:: PROBLEM ::
Please output exactly the part of the records below that opens with the line containing "HC_4: U6.12 (Q8), U11.6 (A4)" and closes with the line containing "VGA_G: J3.2, R3.1, R4.1, R8.1", both lines included, and nothing else.

(DATA FOR THIS TASK Opens)

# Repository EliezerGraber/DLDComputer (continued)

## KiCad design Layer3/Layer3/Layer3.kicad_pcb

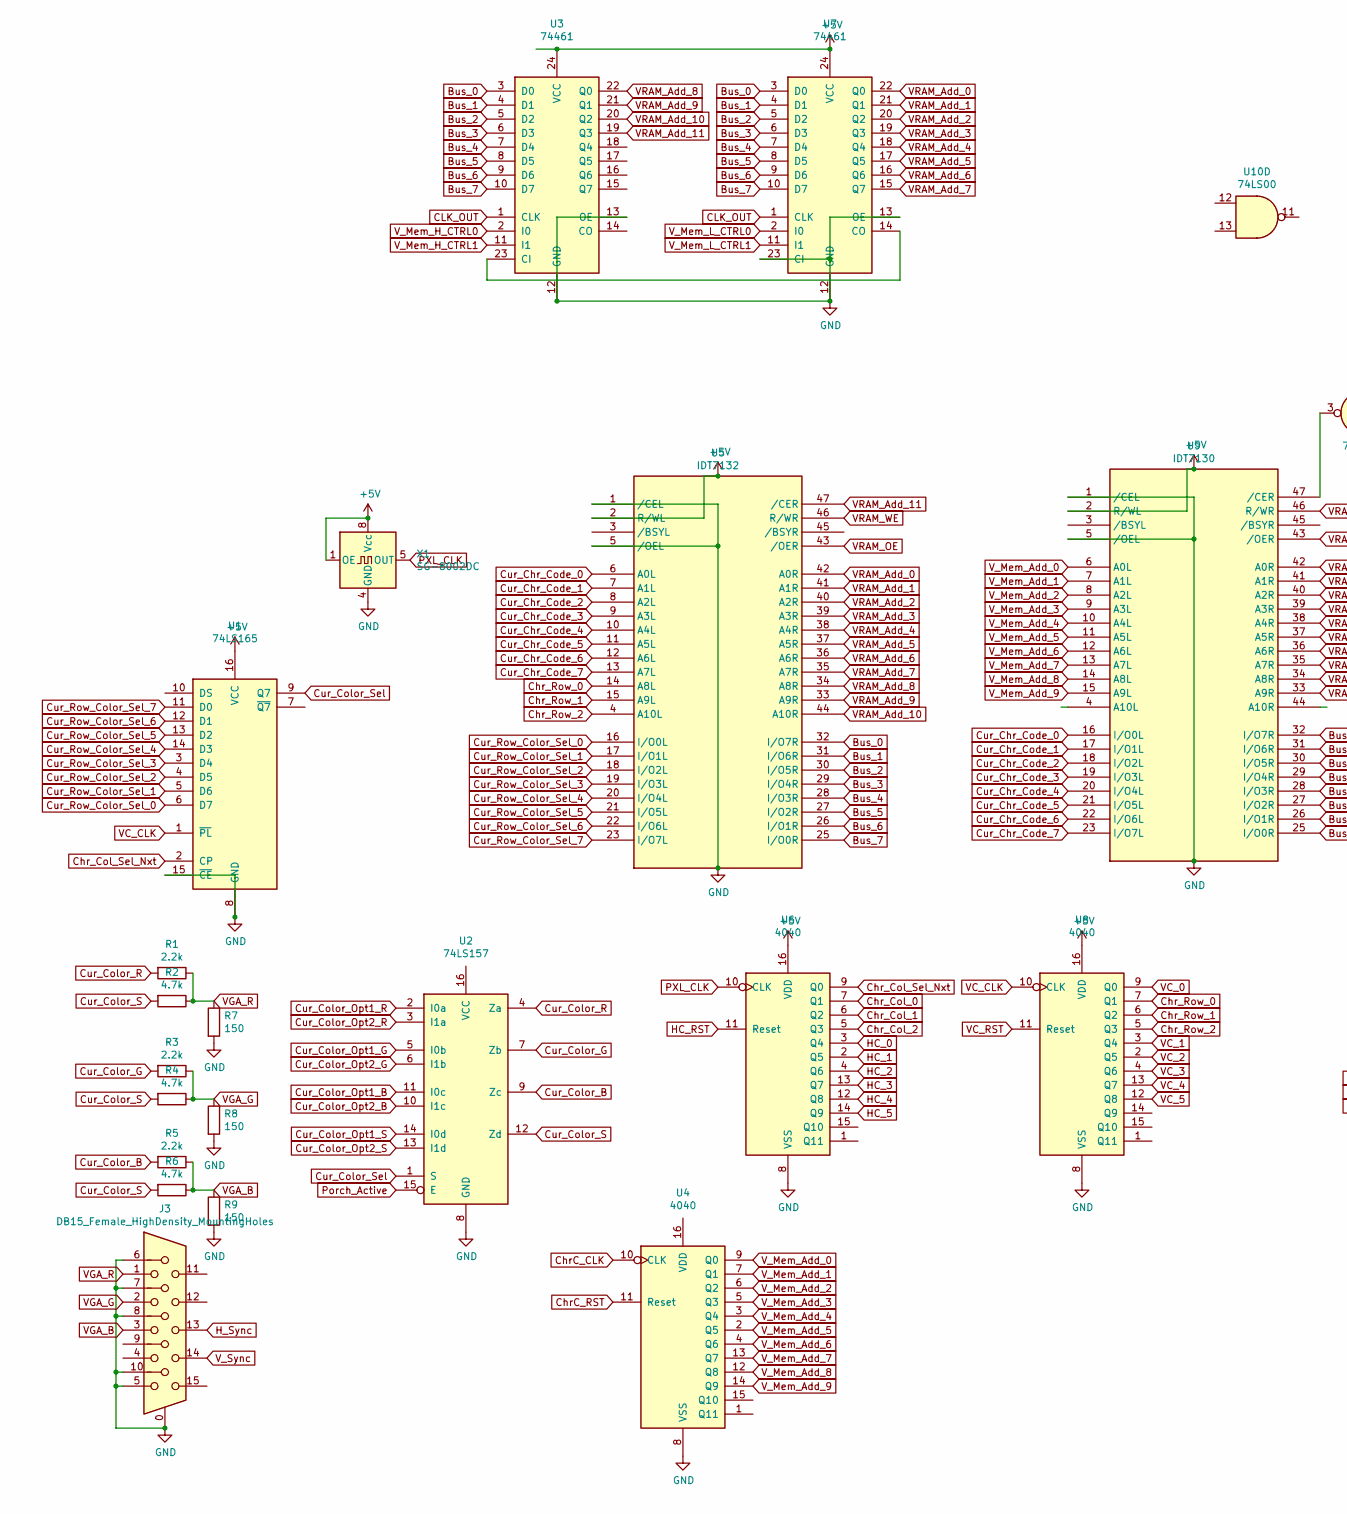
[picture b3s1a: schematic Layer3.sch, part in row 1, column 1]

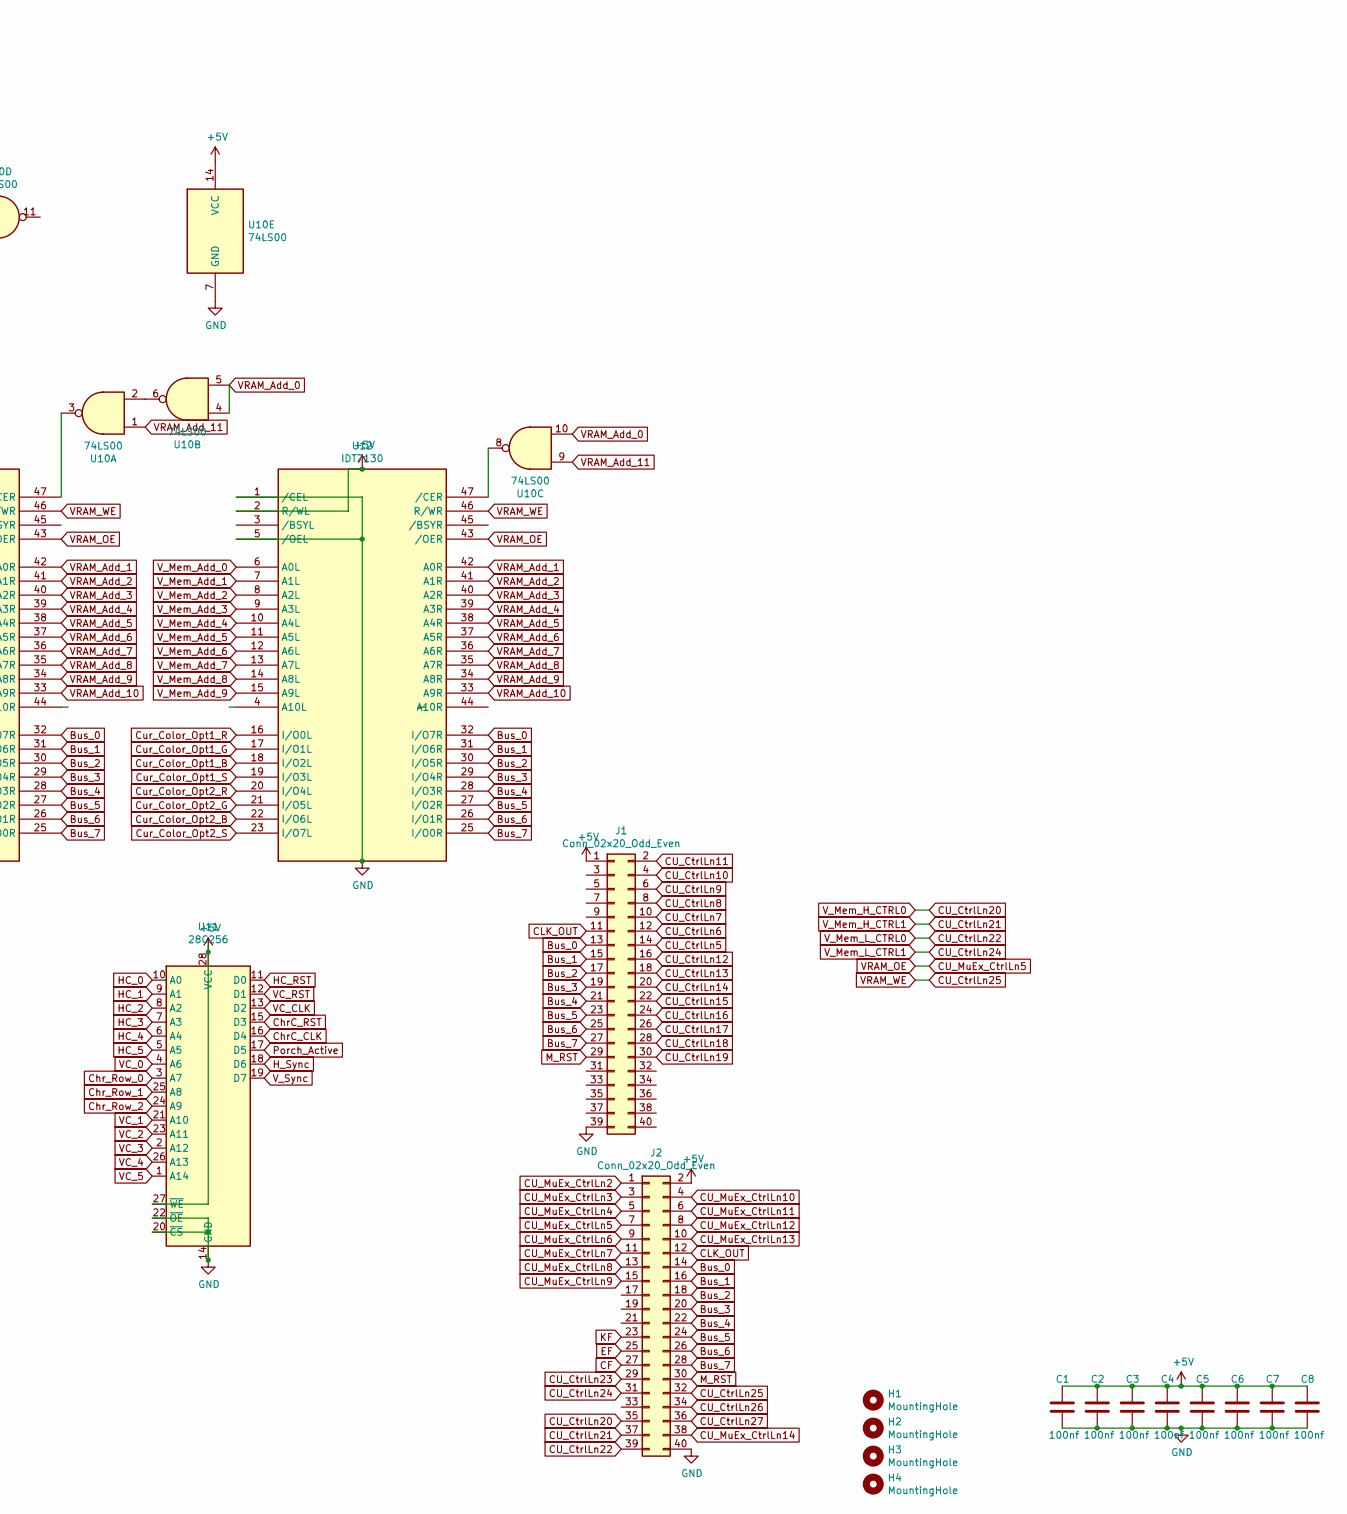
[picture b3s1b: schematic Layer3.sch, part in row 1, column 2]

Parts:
C1, C2, C3, C4, C5, C6, C7, C8: 100nf; C_Disc_D5.0mm_W2.5mm_P2.50mm
H1, H2, H3, H4: MountingHole; MountingHole_4mm
J1, J2: Conn_02x20_Odd_Even; PinHeader_2x20_P2.54mm_Vertical
J3: DB15_Female_HighDensity_MountingHoles
R1, R3, R5: 2.2k; R_Axial_DIN0309_L9.0mm_D3.2mm_P12.70mm_Horizontal
R2, R4, R6: 4.7k; R_Axial_DIN0309_L9.0mm_D3.2mm_P12.70mm_Horizontal
R7, R8, R9: 150; R_Axial_DIN0309_L9.0mm_D3.2mm_P12.70mm_Horizontal
U1: 74LS165; DIP-16_W7.62mm_LongPads
U2: 74LS157; DIP-16_W7.62mm_LongPads
U3, U7: 74461; DIP-24_W7.62mm_LongPads
U4, U6, U8: 4040; DIP-16_W7.62mm_LongPads
U5: IDT7132; DIP-48_W15.24mm_LongPads
U9, U12: IDT7130; DIP-48_W15.24mm_LongPads
U10: 74LS00; DIP-14_W7.62mm_LongPads
U11: 28C256; DIP-28_W15.24mm_LongPads
X1: SG-8002DC; Oscillator_SeikoEpson_SG-8002DC

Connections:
+5V: C1.1, C2.1, C3.1, C4.1, C5.1, C6.1, C7.1, C8.1, J1.1, J2.2, U1.16 (VCC), U3.24 (VCC), U5.2 (R/WL), U5.48 (VCC), U6.16 (VDD), U7.24 (VCC), U8.16 (VDD), U9.2 (R/WL), U9.48 (VCC), U10.14 (VCC), U11.27 (~WE), U11.28 (VCC), U12.2 (R/WL), U12.48 (VCC), X1.1 (OE), X1.8 (Vcc)
Bus_0: J1.13, J2.14, U3.3 (D0), U5.32 (I/O7R), U7.3 (D0), U9.32 (I/O7R), U12.32 (I/O7R)
Bus_1: J1.15, J2.16, U3.4 (D1), U5.31 (I/O6R), U7.4 (D1), U9.31 (I/O6R), U12.31 (I/O6R)
Bus_2: J1.17, J2.18, U3.5 (D2), U5.30 (I/O5R), U7.5 (D2), U9.30 (I/O5R), U12.30 (I/O5R)
Bus_3: J1.19, J2.20, U3.6 (D3), U5.29 (I/O4R), U7.6 (D3), U9.29 (I/O4R), U12.29 (I/O4R)
Bus_4: J1.21, J2.22, U3.7 (D4), U5.28 (I/O3R), U7.7 (D4), U9.28 (I/O3R), U12.28 (I/O3R)
Bus_5: J1.23, J2.24, U3.8 (D5), U5.27 (I/O2R), U7.8 (D5), U9.27 (I/O2R), U12.27 (I/O2R)
Bus_6: J1.25, J2.26, U3.9 (D6), U5.26 (I/O1R), U7.9 (D6), U9.26 (I/O1R), U12.26 (I/O1R)
Bus_7: J1.27, J2.28, U3.10 (D7), U5.25 (I/O0R), U7.10 (D7), U9.25 (I/O0R), U12.25 (I/O0R)
CF: J2.27
CLK_OUT: J1.11, J2.12, U3.1 (CLK), U7.1 (CLK)
CU_CtrlLn5: J1.14
CU_CtrlLn6: J1.12
CU_CtrlLn7: J1.10
CU_CtrlLn8: J1.8
CU_CtrlLn9: J1.6
CU_CtrlLn10: J1.4
CU_CtrlLn11: J1.2
CU_CtrlLn12: J1.16
CU_CtrlLn13: J1.18
CU_CtrlLn14: J1.20
CU_CtrlLn15: J1.22
CU_CtrlLn16: J1.24
CU_CtrlLn17: J1.26
CU_CtrlLn18: J1.28
CU_CtrlLn19: J1.30
CU_CtrlLn20: J2.35, U3.2 (I0)
CU_CtrlLn21: J2.37, U3.11 (I1)
CU_CtrlLn22: J2.39, U7.2 (I0)
CU_CtrlLn23: J2.29
CU_CtrlLn24: J2.31, U7.11 (I1)
CU_CtrlLn25: J2.32, U5.46 (R/WR), U9.46 (R/WR), U12.46 (R/WR)
CU_CtrlLn26: J2.34
CU_CtrlLn27: J2.36
CU_MuEx_CtrlLn2: J2.1
CU_MuEx_CtrlLn3: J2.3
CU_MuEx_CtrlLn4: J2.5
CU_MuEx_CtrlLn5: J2.7, U5.43 (/OER), U9.43 (/OER), U12.43 (/OER)
CU_MuEx_CtrlLn6: J2.9
CU_MuEx_CtrlLn7: J2.11
CU_MuEx_CtrlLn8: J2.13
CU_MuEx_CtrlLn9: J2.15
CU_MuEx_CtrlLn10: J2.4
CU_MuEx_CtrlLn11: J2.6
CU_MuEx_CtrlLn12: J2.8
CU_MuEx_CtrlLn13: J2.10
CU_MuEx_CtrlLn14: J2.38
ChrC_CLK: U4.10 (CLK), U11.16 (D4)
ChrC_RST: U4.11 (Reset), U11.15 (D3)
Chr_Col_0: U6.7 (Q1)
Chr_Col_1: U6.6 (Q2)
Chr_Col_2: U6.5 (Q3)
Chr_Col_Sel_Nxt: U1.2 (CP), U6.9 (Q0)
Chr_Row_0: U5.14 (A8L), U8.7 (Q1), U11.3 (A7)
Chr_Row_1: U5.15 (A9L), U8.6 (Q2), U11.25 (A8)
Chr_Row_2: U5.4 (A10L), U8.5 (Q3), U11.24 (A9)
Cur_Chr_Code_0: U5.6 (A0L), U9.16 (I/O0L)
Cur_Chr_Code_1: U5.7 (A1L), U9.17 (I/O1L)
Cur_Chr_Code_2: U5.8 (A2L), U9.18 (I/O2L)
Cur_Chr_Code_3: U5.9 (A3L), U9.19 (I/O3L)
Cur_Chr_Code_4: U5.10 (A4L), U9.20 (I/O4L)
Cur_Chr_Code_5: U5.11 (A5L), U9.21 (I/O5L)
Cur_Chr_Code_6: U5.12 (A6L), U9.22 (I/O6L)
Cur_Chr_Code_7: U5.13 (A7L), U9.23 (I/O7L)
Cur_Color_B: R5.2, U2.9 (Zc)
Cur_Color_G: R3.2, U2.7 (Zb)
Cur_Color_Opt1_B: U2.11 (I0c), U12.18 (I/O2L)
Cur_Color_Opt1_G: U2.5 (I0b), U12.17 (I/O1L)
Cur_Color_Opt1_R: U2.2 (I0a), U12.16 (I/O0L)
Cur_Color_Opt1_S: U2.14 (I0d), U12.19 (I/O3L)
Cur_Color_Opt2_B: U2.10 (I1c), U12.22 (I/O6L)
Cur_Color_Opt2_G: U2.6 (I1b), U12.21 (I/O5L)
Cur_Color_Opt2_R: U2.3 (I1a), U12.20 (I/O4L)
Cur_Color_Opt2_S: U2.13 (I1d), U12.23 (I/O7L)
Cur_Color_R: R1.2, U2.4 (Za)
Cur_Color_S: R2.2, R4.2, R6.2, U2.12 (Zd)
Cur_Color_Sel: U1.9 (Q7), U2.1 (S)
Cur_Row_Color_Sel_0: U1.6 (D7), U5.16 (I/O0L)
Cur_Row_Color_Sel_1: U1.5 (D6), U5.17 (I/O1L)
Cur_Row_Color_Sel_2: U1.4 (D5), U5.18 (I/O2L)
Cur_Row_Color_Sel_3: U1.3 (D4), U5.19 (I/O3L)
Cur_Row_Color_Sel_4: U1.14 (D3), U5.20 (I/O4L)
Cur_Row_Color_Sel_5: U1.13 (D2), U5.21 (I/O5L)
Cur_Row_Color_Sel_6: U1.12 (D1), U5.22 (I/O6L)
Cur_Row_Color_Sel_7: U1.11 (D0), U5.23 (I/O7L)
EF: J2.25
GND: C1.2, C2.2, C3.2, C4.2, C5.2, C6.2, C7.2, C8.2, J1.39, J2.40, J3.0, J3.5, J3.6, J3.7, J3.8, J3.10, R7.2, R8.2, R9.2, U1.8 (GND), U1.15 (~CE), U2.8 (GND), U3.12 (GND), U3.13 (OE), U4.8 (VSS), U5.1 (/CEL), U5.5 (/OEL), U5.24 (GND), U6.8 (VSS), U7.12 (GND), U7.13 (OE), U7.23 (CI), U8.8 (VSS), U9.1 (/CEL), U9.5 (/OEL), U9.24 (GND), U10.7 (GND), U11.14 (GND), U11.20 (~CS), U11.22 (~OE), U12.1 (/CEL), U12.5 (/OEL), U12.24 (GND), X1.4 (GND)
HC_0: U6.3 (Q4), U11.10 (A0)
HC_1: U6.2 (Q5), U11.9 (A1)
HC_2: U6.4 (Q6), U11.8 (A2)
HC_3: U6.13 (Q7), U11.7 (A3)
HC_4: U6.12 (Q8), U11.6 (A4)
HC_5: U6.14 (Q9), U11.5 (A5)
HC_RST: U6.11 (Reset), U11.11 (D0)
H_Sync: J3.13, U11.18 (D6)
KF: J2.23
M_RST: J1.29, J2.30
unnamed: U3.23 (CI), U7.14 (CO)
unnamed: U10.2, U10.6
unnamed: U9.47 (/CER), U10.3
unnamed: U10.8, U12.47 (/CER)
PXL_CLK: U6.10 (CLK), X1.5 (OUT)
Porch_Active: U2.15 (E), U11.17 (D5)
VC_0: U8.9 (Q0), U11.4 (A6)
VC_1: U8.3 (Q4), U11.21 (A10)
VC_2: U8.2 (Q5), U11.23 (A11)
VC_3: U8.4 (Q6), U11.2 (A12)
VC_4: U8.13 (Q7), U11.26 (A13)
VC_5: U8.12 (Q8), U11.1 (A14)
VC_CLK: U1.1 (~PL), U8.10 (CLK), U11.13 (D2)
VC_RST: U8.11 (Reset), U11.12 (D1)
VGA_B: J3.3, R5.1, R6.1, R9.1
VGA_G: J3.2, R3.1, R4.1, R8.1
VGA_R: J3.1, R1.1, R2.1, R7.1
VRAM_Add_0: U5.42 (A0R), U7.22 (Q0), U10.4, U10.5, U10.10
VRAM_Add_1: U5.41 (A1R), U7.21 (Q1), U9.42 (A0R), U12.42 (A0R)
VRAM_Add_2: U5.40 (A2R), U7.20 (Q2), U9.41 (A1R), U12.41 (A1R)
VRAM_Add_3: U5.39 (A3R), U7.19 (Q3), U9.40 (A2R), U12.40 (A2R)
VRAM_Add_4: U5.38 (A4R), U7.18 (Q4), U9.39 (A3R), U12.39 (A3R)
VRAM_Add_5: U5.37 (A5R), U7.17 (Q5), U9.38 (A4R), U12.38 (A4R)
VRAM_Add_6: U5.36 (A6R), U7.16 (Q6), U9.37 (A5R), U12.37 (A5R)
VRAM_Add_7: U5.35 (A7R), U7.15 (Q7), U9.36 (A6R), U12.36 (A6R)
VRAM_Add_8: U3.22 (Q0), U5.34 (A8R), U9.35 (A7R), U12.35 (A7R)
VRAM_Add_9: U3.21 (Q1), U5.33 (A9R), U9.34 (A8R), U12.34 (A8R)
VRAM_Add_10: U3.20 (Q2), U5.44 (A10R), U9.33 (A9R), U12.33 (A9R)
VRAM_Add_11: U3.19 (Q3), U5.47 (/CER), U10.1, U10.9
V_Mem_Add_0: U4.9 (Q0), U9.6 (A0L), U12.6 (A0L)
V_Mem_Add_1: U4.7 (Q1), U9.7 (A1L), U12.7 (A1L)
V_Mem_Add_2: U4.6 (Q2), U9.8 (A2L), U12.8 (A2L)
V_Mem_Add_3: U4.5 (Q3), U9.9 (A3L), U12.9 (A3L)
V_Mem_Add_4: U4.3 (Q4), U9.10 (A4L), U12.10 (A4L)
V_Mem_Add_5: U4.2 (Q5), U9.11 (A5L), U12.11 (A5L)
V_Mem_Add_6: U4.4 (Q6), U9.12 (A6L), U12.12 (A6L)
V_Mem_Add_7: U4.13 (Q7), U9.13 (A7L), U12.13 (A7L)
V_Mem_Add_8: U4.12 (Q8), U9.14 (A8L), U12.14 (A8L)
V_Mem_Add_9: U4.14 (Q9), U9.15 (A9L), U12.15 (A9L)
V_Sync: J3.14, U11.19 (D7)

(DATA FOR THIS TASK Closes)

:: RESPONSE TO THIS EXERCISE ::
HC_4: U6.12 (Q8), U11.6 (A4)
HC_5: U6.14 (Q9), U11.5 (A5)
HC_RST: U6.11 (Reset), U11.11 (D0)
H_Sync: J3.13, U11.18 (D6)
KF: J2.23
M_RST: J1.29, J2.30
unnamed: U3.23 (CI), U7.14 (CO)
unnamed: U10.2, U10.6
unnamed: U9.47 (/CER), U10.3
unnamed: U10.8, U12.47 (/CER)
PXL_CLK: U6.10 (CLK), X1.5 (OUT)
Porch_Active: U2.15 (E), U11.17 (D5)
VC_0: U8.9 (Q0), U11.4 (A6)
VC_1: U8.3 (Q4), U11.21 (A10)
VC_2: U8.2 (Q5), U11.23 (A11)
VC_3: U8.4 (Q6), U11.2 (A12)
VC_4: U8.13 (Q7), U11.26 (A13)
VC_5: U8.12 (Q8), U11.1 (A14)
VC_CLK: U1.1 (~PL), U8.10 (CLK), U11.13 (D2)
VC_RST: U8.11 (Reset), U11.12 (D1)
VGA_B: J3.3, R5.1, R6.1, R9.1
VGA_G: J3.2, R3.1, R4.1, R8.1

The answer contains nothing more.